O mercado de produtos eletrodomésticos tem se transformado numa verdadeira oportunidade de venda a crédito pelas empresas. Atualmente, as empresas que atuam no setor não se contentam apenas em lucrar com a venda do liquidificador ou da geladeira. Passaram a ‘vender’ financiamento, e também, garantia estendida. O consumidor precisa entender essas tendências para aprender a não cair em tentações ou ilusões.
A garantia de qualquer produto durável é definida pelos artigos 26 e 50 do Código de Defesa do Consumidor. Para defeitos de fabricação, ou seja, quando a culpa pelo defeito é do fabricante, o CDC estabelece o prazo de 90 dias para o consumidor reclamar de defeitos de fácil constatação. Não raras vezes o fornecedor oferece garantia contratual, ou seja, um termo de garantia em separado que é entregue ao consumidor, e a garantia contratual é somada àquela primeira, também chamada de legal. A título de exemplo: se o fornecedor dá um ano de garantia, o consumidor terá um ano e três meses de garantia, já que possui 90 dias de garantia concedida por lei.
O problema é quando termina esse prazo que a lei confere e que o fornecedor também garantiu ao consumidor.

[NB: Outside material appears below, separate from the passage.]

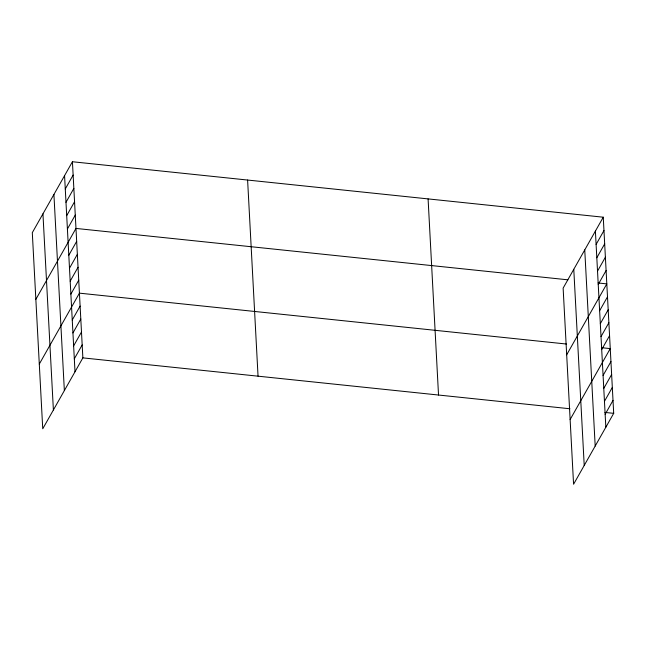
<?xml version="1.0" encoding="UTF-8"?>
<svg xmlns="http://www.w3.org/2000/svg" width="646" height="646" viewBox="0 0 646 646"><rect width="100%" height="100%" fill="white"/><g stroke="black" fill="none" stroke-linecap="round" stroke-linejoin="round"><path stroke-width="0.97" d="M72.425 161.742L32.3 232.665L42.741 428.799L82.866 357.876L72.425 161.742L603.259 217.201L613.7 413.335L573.575 484.258L563.134 288.124L603.259 217.201M65.27 188.979L73.135 175.074M65.981 202.311L73.846 188.414M66.691 215.651L74.556 201.754M67.402 228.991L75.267 215.086M35.853 299.348L75.978 228.426L567.882 279.815M68.799 255.267L76.664 241.37M69.493 268.219L77.358 254.314M70.18 281.163L78.045 267.258M70.874 294.108L78.731 280.202M39.293 364.078L79.426 293.155L566.461 344.035M72.247 319.996L80.112 306.099M72.941 332.94L80.798 319.043M73.628 345.885L81.493 331.987M74.314 358.829L82.179 344.932M596.105 244.43L603.97 230.533M596.815 257.77L604.68 243.873M597.526 271.11L605.391 257.213M598.236 284.45L606.101 270.545M566.679 354.807L606.812 283.885L598.051 282.972M599.633 310.726L607.498 296.829M600.32 323.67L608.185 309.773M601.014 336.623L608.879 322.717M601.701 349.567L609.566 335.662M570.127 419.537L610.252 348.614L601.499 347.693M603.081 375.455L610.946 361.558M603.768 388.399L611.633 374.502M604.454 401.344L612.319 387.447M605.149 414.288L613.014 400.391M82.866 357.876L569.909 408.757M604.939 412.423L613.7 413.335M595.394 231.098L605.835 427.232M584.751 249.913L595.192 446.055M573.777 269.301L584.218 465.443M428.088 198.895L438.529 395.037M247.604 180.04L258.045 376.182M64.568 175.639L75.009 371.773M53.917 194.454L64.358 390.596M42.951 213.842L53.392 409.984"/></g></svg>

Para este momento ‘posterior’ é que as lojas oferecem a ‘garantia estendida’ para mais um ou dois anos. Aceitando, o consumidor passa a contar com cobertura por vícios ou defeitos de fabricação por mais um tempo, mas é ilusão!!! O Código de Defesa do Consumidor garante garantia no prazo de 30 dias após a constatação de vícios ocultos, ou seja, defeitos de fabricação de difícil constatação. Desta forma, o consumidor tem garantido, pelo Código, a ‘garantia estendida’ e o consumidor não necessita desembolsar quantia a maior, e que pesa no conjunto da compra, já que geralmente o consumidor faz (qualquer) esforço quando quer adquirir produtos duráveis.
O jornal O Globo divulgou, semana passada, que o Ministério Público de São Paulo ingressou na Justiça e conseguiu liminar que proíbe as Casas Bahia de inserir, no preço de produtos ofertados ao consumidor, o valor da garantia estendida. A ação teve origem depois que a Justiça do Trabalho noticiou que os vendedores das Casas Bahia eram obrigados a embutir valores referentes ao seguro (garantia estendida) no preço de produtos sem o consentimento dos consumidores, ou mesmo sem que fossem consultados a respeito. Na ação, o MP pediu que a empresa seja proibida de inserir o preço da garantia estendida e do seguro facultativo ou equivalente no mesmo contrato de compra e venda do que oferta; e seja obrigada a informar prévia e adequadamente sobre qualquer contratação extra mediante comprovação escrita e devidamente assinada pelo consumidor. A liminar ainda atribuiu multa diária de R$ 300 mil por descumprimento. Cabe recurso da decisão. A empresa negou ao jornal que pratica o que descreveu o MP.
Portanto, cabe ao consumidor refletir seriamente e entender todas as condições da contratação da garantia estendida, até porque a lei lhe garante isso, como já expliquei, afora o termo de garantia. Se não fizer a análise, o consumidor corre o risco de gastar além do que pode e também comprar serviço que não necessita.
SACOLINHAS PLÁSTICAS: A lei que bania as sacolinhas dos supermercados a partir de 1º de janeiro de 2012, em São Paulo, volta a vigorar em 30 dias. Isto porque o Tribunal de Justiça de São Paulo (TJ-SP) decidiu que é constitucional a lei municipal 15.374 de 2011, que proíbe a distribuição de sacolinhas plásticas nos supermercados da capital paulista. A decisão torna improcedente a ação movida pelo Sindicato da Indústria do Material Plástico do Estado de São Paulo e cassa a liminar que suspendia os efeitos da lei desde junho de 2012. Assim, as sacolinhas estão permitidas nos supermercados.